Flash is fine.  Dont be a Fundamentalist. - sheaninesix
http://occupyhtml.org

======
bosch
I'll give everyone a great example of why I hate Flash:

So I downloaded the new Flash 11 and installed it, the 64 bit version so I can
now use 64 bit IE. I have IE 9 set to not accept third party cookies. In
Flash, I don't want cookies set either so I go to the global settings and make
sure no sites can save anything on my computer. Now Flash doesn't work at all.
No where. It should work on some sites that don't require cookies but it won't
even load. I'm not sure why this is but the only solution I've found is to
completely uninstall Flash, restart my computer and then reinstall it and
allow every site to store Flash cookies on my computer. I've replicated the
issue with Firefox and Chrome.

Strangely enough Youtube worked during these issues - because of HTML 5.

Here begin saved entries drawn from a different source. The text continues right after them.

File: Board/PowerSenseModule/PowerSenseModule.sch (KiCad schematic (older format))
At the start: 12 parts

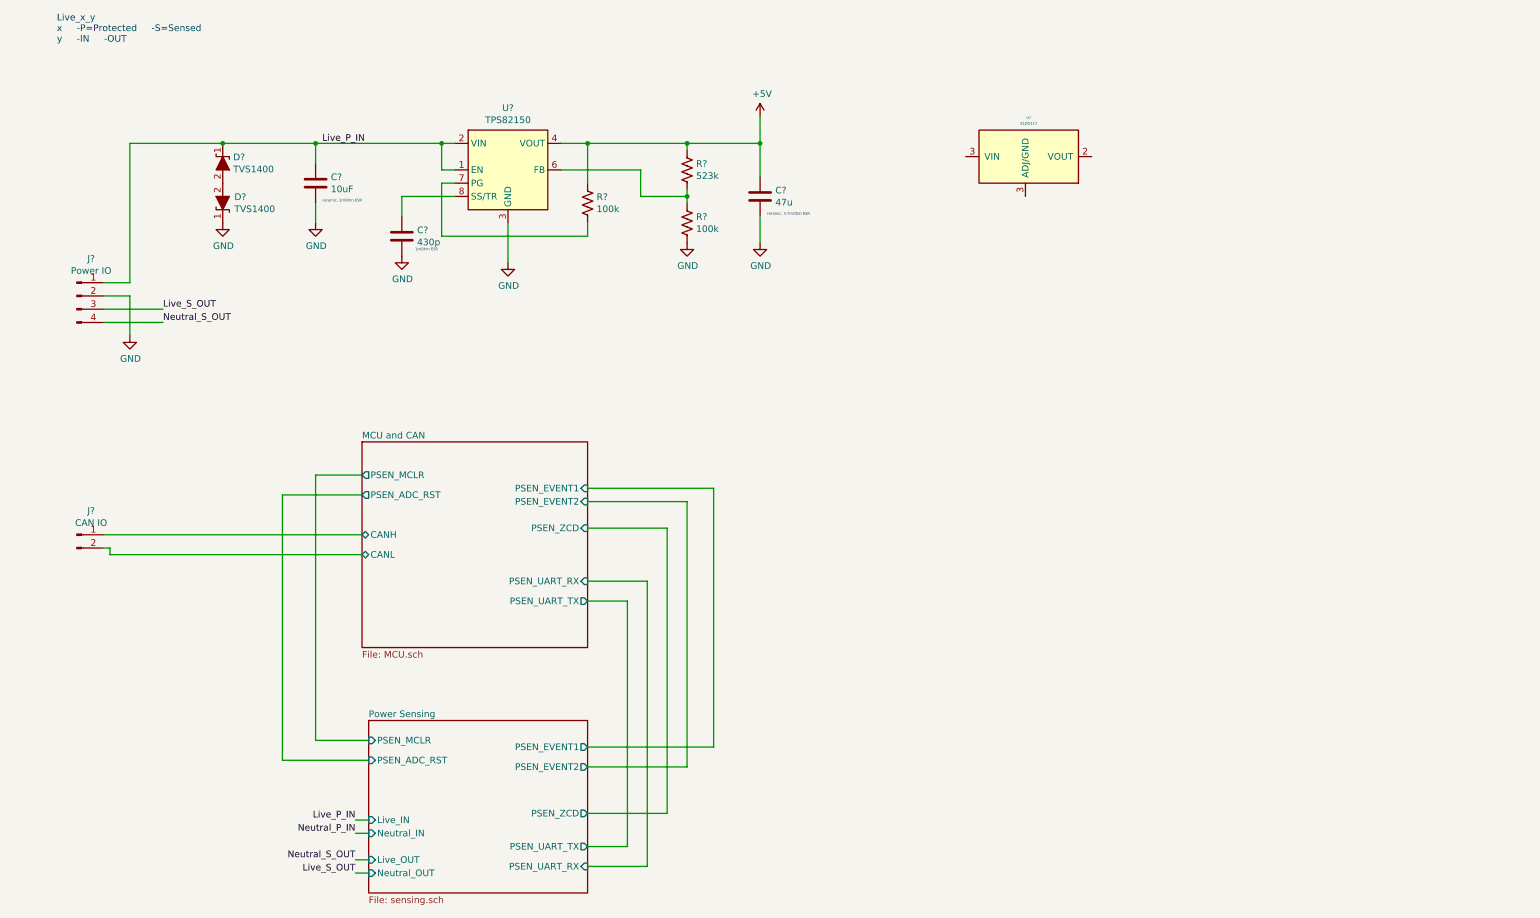
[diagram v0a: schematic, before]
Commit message: Added linear reg, cleaned up schematic
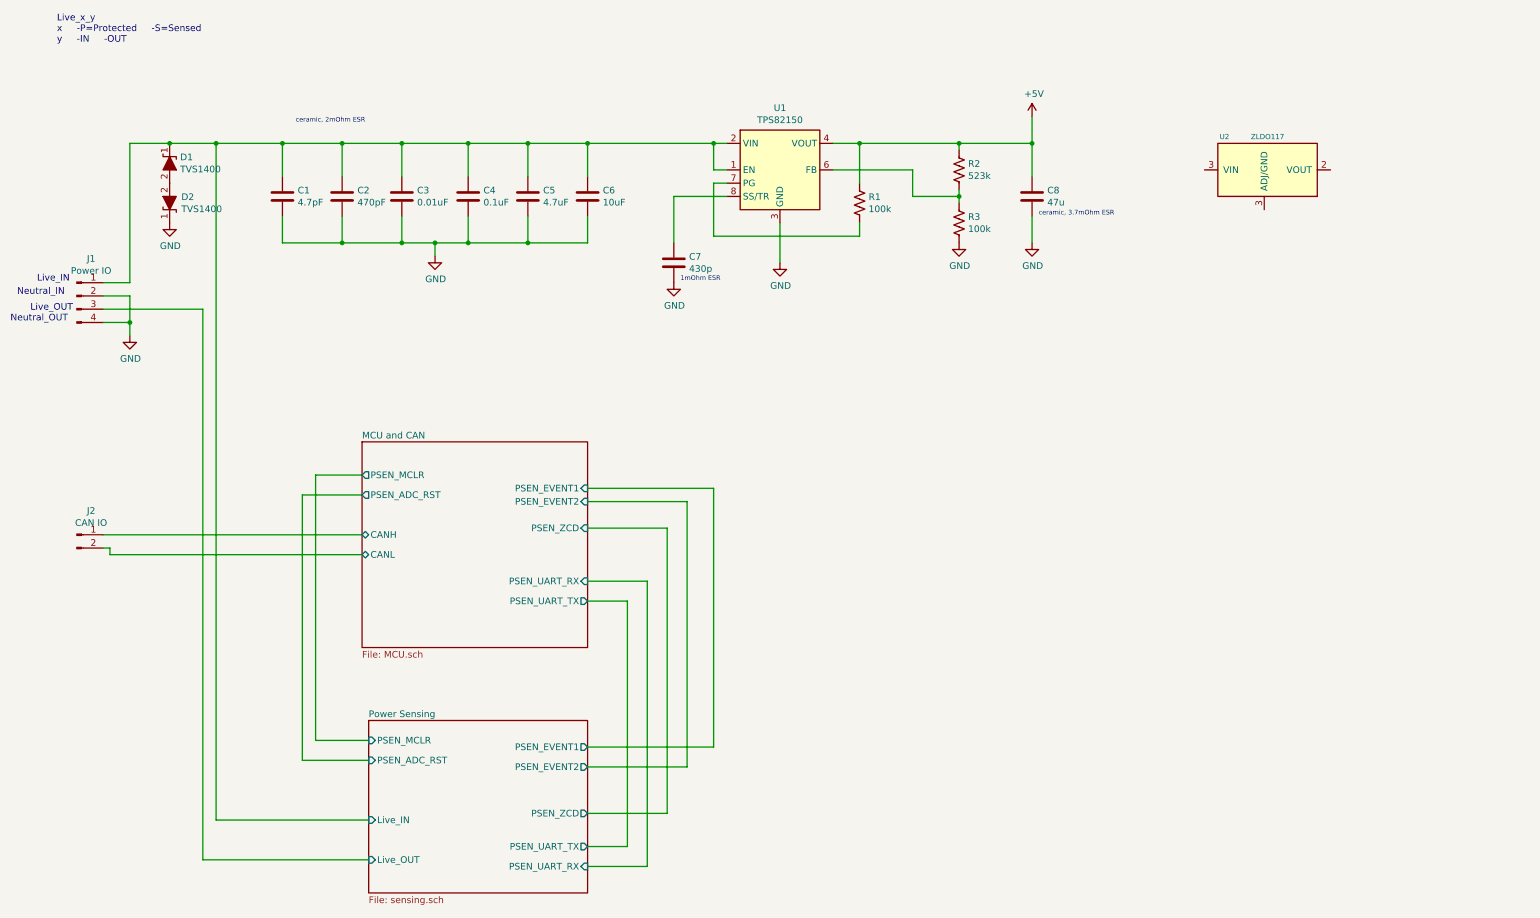
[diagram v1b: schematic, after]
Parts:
- added C1: 4.7pF, symbol Device:C
- added C2: 470pF, symbol Device:C
- added C3: 0.01uF, symbol Device:C
- added C4: 0.1uF, symbol Device:C
- added C5: 4.7uF, symbol Device:C
- gave numbers to parts that had none: 12
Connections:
- net Neutral_S_OUT is gone; now on net GND: J1.4 (Pin_4)
- net GND: now also C1.2, C2.2, C3.2, C4.2, C5.2
- net Live_P_IN renamed Power Sensing/Live_IN
- net Power Sensing/Live_IN: now also C1.1, C2.1, C3.1, C4.1, C5.1
- net Live_S_OUT renamed Power Sensing/Live_OUT
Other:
- note added: "Live_IN\n"
- note added: "Live_OUT\n\n"
- note added: "Neutral_IN\n"
- note added: "Neutral_OUT"
- moved on the sheet: C6, C7, C8, D1, D2, R1, R2, R3, U1, U2

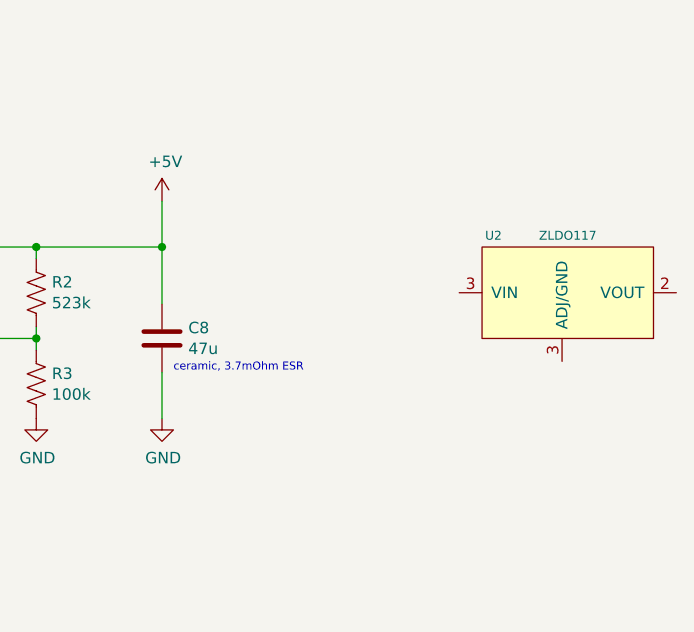
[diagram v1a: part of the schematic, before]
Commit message: Lin Reg Connected with cap, global power net, and wiring.
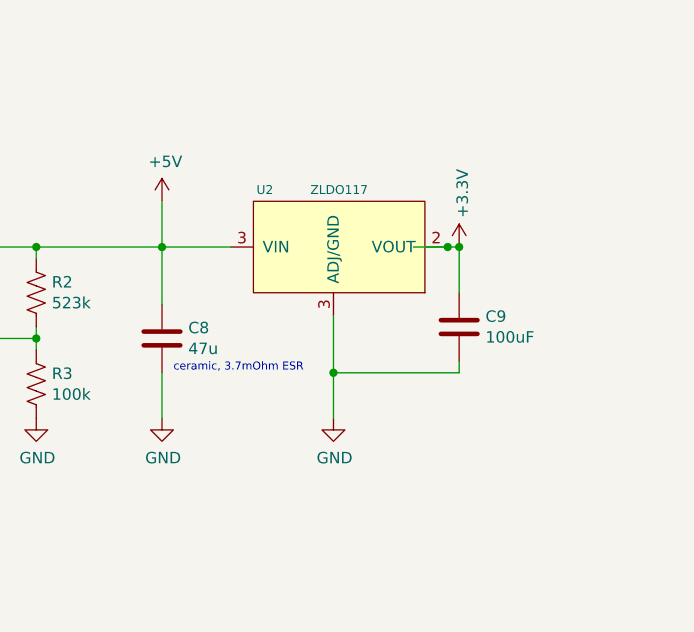
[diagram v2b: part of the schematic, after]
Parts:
- added C9: 100uF, symbol Device:C
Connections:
- net +5V: now also U2.3 (VIN)
- net GND: now also U2.3 (VIN), C9.2
- net +3V3: now reaches U2.2 (VOUT)
- net +3V3: now also C9.1
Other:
- moved on the sheet: U2
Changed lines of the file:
@@
 L F1_Power_ICs:ZLDO117 U2
 U 1 1 5D37AF29
-P 9950 1750
-F 0 "U2" H 9650 2000 39  0000 C CNN
-F 1 "ZLDO117" H 9975 2000 39  0000 C CNN
-F 2 "Package_TO_SOT_SMD:SOT-223" H 9800 2100 20  0001 C CNN
-F 3 "https://www.diodes.com/assets/Datasheets/ZLDO1117Q.pdf" H 9800 2100 20  0001 C CNN
-	1    9950 1750
+P 8950 1550
+F 0 "U2" H 8650 1800 39  0000 C CNN
+F 1 "ZLDO117" H 8975 1800 39  0000 C CNN
+F 2 "Package_TO_SOT_SMD:SOT-223" H 8800 1900 20  0001 C CNN
+F 3 "https://www.diodes.com/assets/Datasheets/ZLDO1117Q.pdf" H 8800 1900 20  0001 C CNN
+	1    8950 1550
 	1    0    0    -1
 $EndComp
@@
 Text Notes 500  2900 0    50   ~ 0
 Neutral_OUT
+$Comp
+L power:GND #PWR?
+U 1 1 5D33134A
+P 8950 2300
+F 0 "#PWR?" H 8950 2050 50  0001 C CNN
+F 1 "GND" H 8955 2127 50  0000 C CNN
+F 2 "" H 8950 2300 50  0001 C CNN
+F 3 "" H 8950 2300 50  0001 C CNN
+	1    8950 2300
+	1    0    0    -1
+$EndComp
+Wire Wire Line
+	8950 1850 8950 2100
+Wire Wire Line
+	8500 1550 8200 1550
+Wire Wire Line
+	9450 1550 9500 1550
+Connection ~ 8950 2100
+Wire Wire Line
+	8950 2100 8950 2300
+Wire Wire Line
+	9500 2100 8950 2100
+Connection ~ 9500 1550
+Wire Wire Line
+	9300 1550 9450 1550
+$Comp
+L Device:C C9
+U 1 1 5D39E84F
+P 9500 1900
+F 0 "C9" H 9615 1946 50  0000 L CNN
+F 1 "100uF" H 9615 1855 50  0000 L CNN
+F 2 "" H 9538 1750 50  0001 C CNN
+F 3 "~" H 9500 1900 50  0001 C CNN
+	1    9500 1900
+	1    0    0    -1
+$EndComp
+Wire Wire Line
+	9500 1550 9500 1750
+Wire Wire Line
+	9500 2050 9500 2100
+$Comp
+L power:+3.3V #PWR?
+U 1 1 5D3A49D9
+P 9500 1550
+F 0 "#PWR?" H 9500 1400 50  0001 C CNN
+F 1 "+3.3V" V 9515 1678 50  0000 L CNN
+F 2 "" H 9500 1550 50  0001 C CNN
+F 3 "" H 9500 1550 50  0001 C CNN
+	1    9500 1550
+	1    0    0    -1
+$EndComp
+Connection ~ 9450 1550
 $EndSCHEMATC

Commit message: Finalizing footprints - a
Changed footprints of 4.7u, 10u, 47u ceramic caps to 0805 from 0603.

Changed output cap of linear reg to 150u electrolytic 

Added tie net for grounds

Connector footprints

Added notes

TODO:
footprints of net tie, 150u electrolytic
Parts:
- removed C9: 100uF, symbol Device:C
- added C9: 150uF, symbol Device:CP
- added NT1: Net-Tie_3_Tee, symbol Device:Net-Tie_3_Tee
- C1, C2, C3, C4, C5, C7: footprint (none) -> Capacitor_SMD:C_0603_1608Metric_Pad1.05x0.95mm_HandSolder
- C6: footprint (none) -> Capacitor_SMD:C_0805_2012Metric_Pad1.15x1.40mm_HandSolder
- C8: value 47u -> 47uF; footprint (none) -> Capacitor_SMD:C_0805_2012Metric_Pad1.15x1.40mm_HandSolder
- J1: footprint (none) -> Connector_TE:DT13-4P
- J2: footprint (none) -> Connector_TE:DT13-2P
- R1, R2, R3: footprint (none) -> Resistor_SMD:R_0603_1608Metric_Pad1.05x0.95mm_HandSolder
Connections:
- net +3V3: now also C9.1
- net GND: now also C9.2, NT1.1
- new net GNDA: NT1.2
- new net GNDD: NT1.3
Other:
- note added: "Bypass capacitors need to be placed close to the IC and must be physically between the power and IC\n"
- note added: "Electrolytic low ESR"
- note added: "NOTES"
- note added: "Temp IC should be close to the power sensor\n"
- note added: "The TVS (zener) diodes need to be placed physically before the capacitors and before any connections to power sensor\n"
- note added: "The different grounds should only be connected at one junction using the net tie"
- note added: "The grounds should have their own planes and the power, digital, and analog sections should tried to be kept separate - different regions of the board"
- note removed: "Live_x_y\nx -P=Protected -S=Sensed\ny -IN -OUT"
- moved on the sheet: U2

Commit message: Finalizing Footprints PT B
Have two copies of everything, don't know why. Added NETI to remaining resistors and capacitor. Let's see
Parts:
- C9: footprint (none) -> Capacitor_SMD:C_Elec_8x10.2
- NT1: footprint (none) -> NetTie:NetTie-3_SMD_Pad2.0mm
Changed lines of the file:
@@
 F 0 "NT1" H 10750 981 50  0000 C CNN
 F 1 "Net-Tie_3_Tee" H 10750 890 50  0000 C CNN
-F 2 "" H 10750 800 50  0001 C CNN
+F 2 "NetTie:NetTie-3_SMD_Pad2.0mm" H 10750 800 50  0001 C CNN
 F 3 "~" H 10750 800 50  0001 C CNN
 	1    10750 800
@@
 F 0 "C9" H 10068 1946 50  0000 L CNN
 F 1 "150uF" H 10068 1855 50  0000 L CNN
-F 2 "" H 9988 1750 50  0001 C CNN
+F 2 "Capacitor_SMD:C_Elec_8x10.2" H 9988 1750 50  0001 C CNN
 F 3 "~" H 9950 1900 50  0001 C CNN
 	1    9950 1900

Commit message: Fixed footprint library paths
Changed TVS1400 clamp to project specific library and fixed library path for the microsip footprint
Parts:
- U1: footprint Package_LGA:Texas_MicroSiP-8-1EP_2.8x3.0mm_P0.65mm_EP1.1x1.9mm_SMD_ThermalVias -> Package_LGA:Texas_SIL0008D_MicroSiP-8-1EP_2.8x3mm_P0.65mm_EP1.1x1.9mm
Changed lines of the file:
@@
 F 0 "U1" H 6300 2217 50  0000 C CNN
 F 1 "TPS82150" H 6300 2126 50  0000 C CNN
-F 2 "Package_LGA:Texas_MicroSiP-8-1EP_2.8x3.0mm_P0.65mm_EP1.1x1.9mm_SMD_ThermalVias" H 6300 1100 50  0001 C CNN
+F 2 "Package_LGA:Texas_SIL0008D_MicroSiP-8-1EP_2.8x3mm_P0.65mm_EP1.1x1.9mm" H 6300 1100 50  0001 C CNN
 F 3 "http://www.ti.com/lit/ds/symlink/tps82150.pdf" H 6300 1000 50  0001 C CNN
 	1    6300 1750

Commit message: PCB Design Began. Design Changes are incoming though.
PCB placement began, changes to schematic will be made. Reference google docs for said changes along with date.
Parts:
- C6: footprint Capacitor_SMD:C_0805_2012Metric_Pad1.15x1.40mm_HandSolder -> Capacitor_SMD:CP_Elec_4x5.8
- C7: value 430p -> 470p
- C8: footprint Capacitor_SMD:C_0805_2012Metric_Pad1.15x1.40mm_HandSolder -> Capacitor_SMD:CP_Elec_6.3x5.8
- C9: value 150uF -> 100uF; footprint Capacitor_SMD:C_Elec_8x10.2 -> Capacitor_SMD:CP_Elec_6.3x5.9
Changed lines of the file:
@@
 F 0 "C6" H 4965 1996 50  0000 L CNN
 F 1 "10uF" H 4965 1905 50  0000 L CNN
-F 2 "Capacitor_SMD:C_0805_2012Metric_Pad1.15x1.40mm_HandSolder" H 4888 1800 50  0001 C CNN
+F 2 "Capacitor_SMD:CP_Elec_4x5.8" H 4888 1800 50  0001 C CNN
 F 3 "~" H 4850 1950 50  0001 C CNN
 	1    4850 1950
@@
 P 5500 2450
 F 0 "C7" H 5615 2496 50  0000 L CNN
-F 1 "430p" H 5615 2405 50  0000 L CNN
+F 1 "470p" H 5615 2405 50  0000 L CNN
 F 2 "Capacitor_SMD:C_0603_1608Metric_Pad1.05x0.95mm_HandSolder" H 5538 2300 50  0001 C CNN
 F 3 "~" H 5500 2450 50  0001 C CNN
@@
 F 0 "C8" H 8315 1996 50  0000 L CNN
 F 1 "47uF" H 8315 1905 50  0000 L CNN
-F 2 "Capacitor_SMD:C_0805_2012Metric_Pad1.15x1.40mm_HandSolder" H 8238 1800 50  0001 C CNN
+F 2 "Capacitor_SMD:CP_Elec_6.3x5.8" H 8238 1800 50  0001 C CNN
 F 3 "~" H 8200 1950 50  0001 C CNN
 	1    8200 1950
@@
 P 9950 1900
 F 0 "C9" H 10068 1946 50  0000 L CNN
-F 1 "150uF" H 10068 1855 50  0000 L CNN
-F 2 "Capacitor_SMD:C_Elec_8x10.2" H 9988 1750 50  0001 C CNN
+F 1 "100uF" H 10068 1855 50  0000 L CNN
+F 2 "Capacitor_SMD:CP_Elec_6.3x5.9" H 9988 1750 50  0001 C CNN
 F 3 "~" H 9950 1900 50  0001 C CNN
 	1    9950 1900

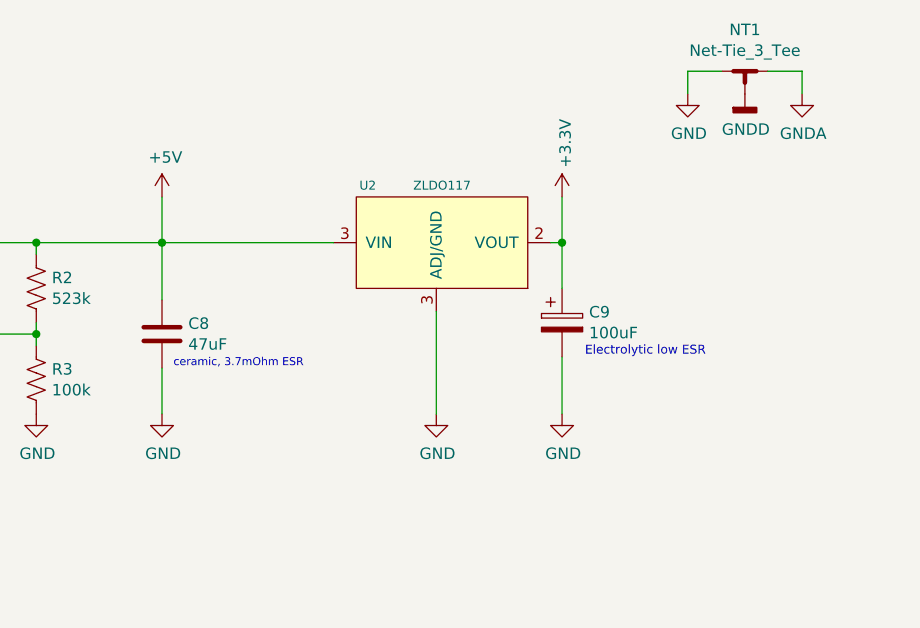
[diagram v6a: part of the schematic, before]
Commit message: Started design change
Changing MCU to 5V dspic33ev32gm102
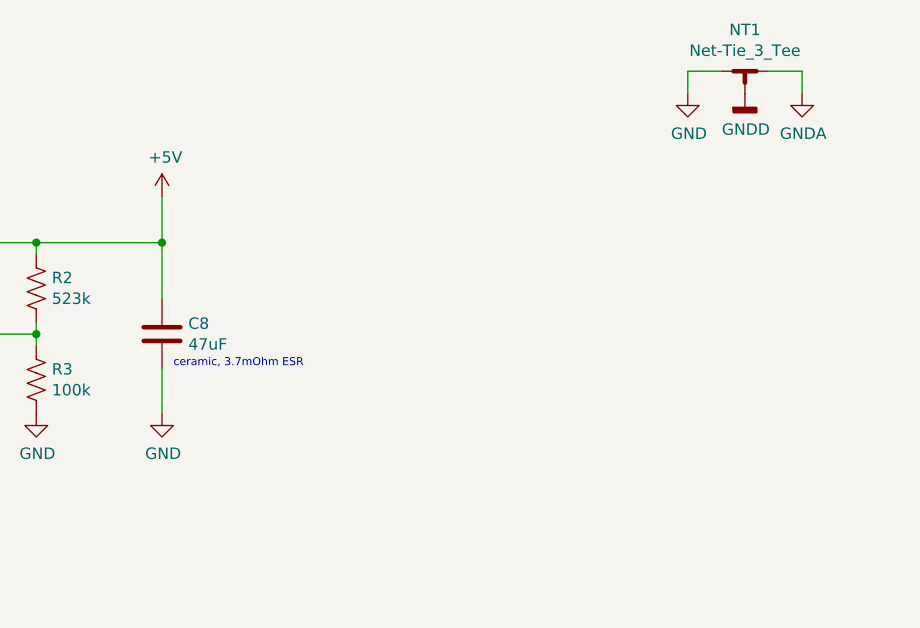
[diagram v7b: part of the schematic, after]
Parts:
- removed C9: 100uF, Capacitor_SMD:CP_Elec_6.3x5.9, symbol Device:CP
- removed U2: ZLDO117, Package_TO_SOT_SMD:SOT-223, symbol F1_Power_ICs:ZLDO117
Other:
- note removed: "Electrolytic low ESR"
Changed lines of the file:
@@
 Text Notes 6400 6050 0    39   ~ 0
 Temp IC should be close to the power sensor\n
-Wire Wire Line
-	9950 1350 9950 1550
-$Comp
-L power:+3.3V #PWR010
-U 1 1 5D3A49D9
-P 9950 1350
-F 0 "#PWR010" H 9950 1200 50  0001 C CNN
-F 1 "+3.3V" V 9965 1478 50  0000 L CNN
-F 2 "" H 9950 1350 50  0001 C CNN
-F 3 "" H 9950 1350 50  0001 C CNN
-	1    9950 1350
-	1    0    0    -1
-$EndComp
-Wire Wire Line
-	9950 1550 9950 1750
-Connection ~ 9950 1550
-Wire Wire Line
-	9900 1550 9950 1550
-$Comp
-L power:GND #PWR09
-U 1 1 5D33134A
-P 9400 2300
-F 0 "#PWR09" H 9400 2050 50  0001 C CNN
-F 1 "GND" H 9405 2127 50  0000 C CNN
-F 2 "" H 9400 2300 50  0001 C CNN
-F 3 "" H 9400 2300 50  0001 C CNN
-	1    9400 2300
-	1    0    0    -1
-$EndComp
 Text Notes 8250 2100 0    35   ~ 0
 ceramic, 3.7mOhm ESR\n
-$Comp
-L F1_Power_ICs:ZLDO117 U2
-U 1 1 5D37AF29
-P 9400 1550
-F 0 "U2" H 9100 1800 39  0000 C CNN
-F 1 "ZLDO117" H 9425 1800 39  0000 C CNN
-F 2 "Package_TO_SOT_SMD:SOT-223" H 9250 1900 20  0001 C CNN
-F 3 "https://www.diodes.com/assets/Datasheets/ZLDO1117Q.pdf" H 9250 1900 20  0001 C CNN
-	1    9400 1550
-	1    0    0    -1
-$EndComp
-Wire Wire Line
-	9400 1850 9400 2300
-$Comp
-L Device:CP C9
-U 1 1 5D424F64
-P 9950 1900
-F 0 "C9" H 10068 1946 50  0000 L CNN
-F 1 "100uF" H 10068 1855 50  0000 L CNN
-F 2 "Capacitor_SMD:CP_Elec_6.3x5.9" H 9988 1750 50  0001 C CNN
-F 3 "~" H 9950 1900 50  0001 C CNN
-	1    9950 1900
-	1    0    0    -1
-$EndComp
-$Comp
-L power:GND #PWR011
-U 1 1 5D425C0E
-P 9950 2300
-F 0 "#PWR011" H 9950 2050 50  0001 C CNN
-F 1 "GND" H 9955 2127 50  0000 C CNN
-F 2 "" H 9950 2300 50  0001 C CNN
-F 3 "" H 9950 2300 50  0001 C CNN
-	1    9950 2300
-	1    0    0    -1
-$EndComp
-Wire Wire Line
-	9950 2300 9950 2050
-Text Notes 10050 2050 0    39   ~ 0
-Electrolytic low ESR
-Wire Wire Line
-	8200 1550 8950 1550
 $EndSCHEMATC

Also, there's a bug in Flash 11 in Windows 7 where for some reason the taskbar
doesn't get hidden when you full screen a flash video.

Flash could've been useful, but Adobe's coders are the worst in the business.
All they had to do was make it small, efficient and easy to use. Essentially
they did the exact opposite and only had a business model because there were
no competitors. In addition, they have security issues and all these random
strange issues which should never happen.

I liken Flash to Blackberry and how RIM is allowing Android apps on it's
service. It has to do that to stay relevant because no one is going to use it
otherwise. Adobe Flash would be dead within 5 years if they didn't switch
their tools to work with HTML 5.

Now the question is, why would developers create two versions of the videos -
one for Flash and one for mobile HTML5? Why wouldn't they just create an HTML5
video that plays on both mobile and standard browsers?

------
xd
If only the site was Flash based .. I might have taken them seriously.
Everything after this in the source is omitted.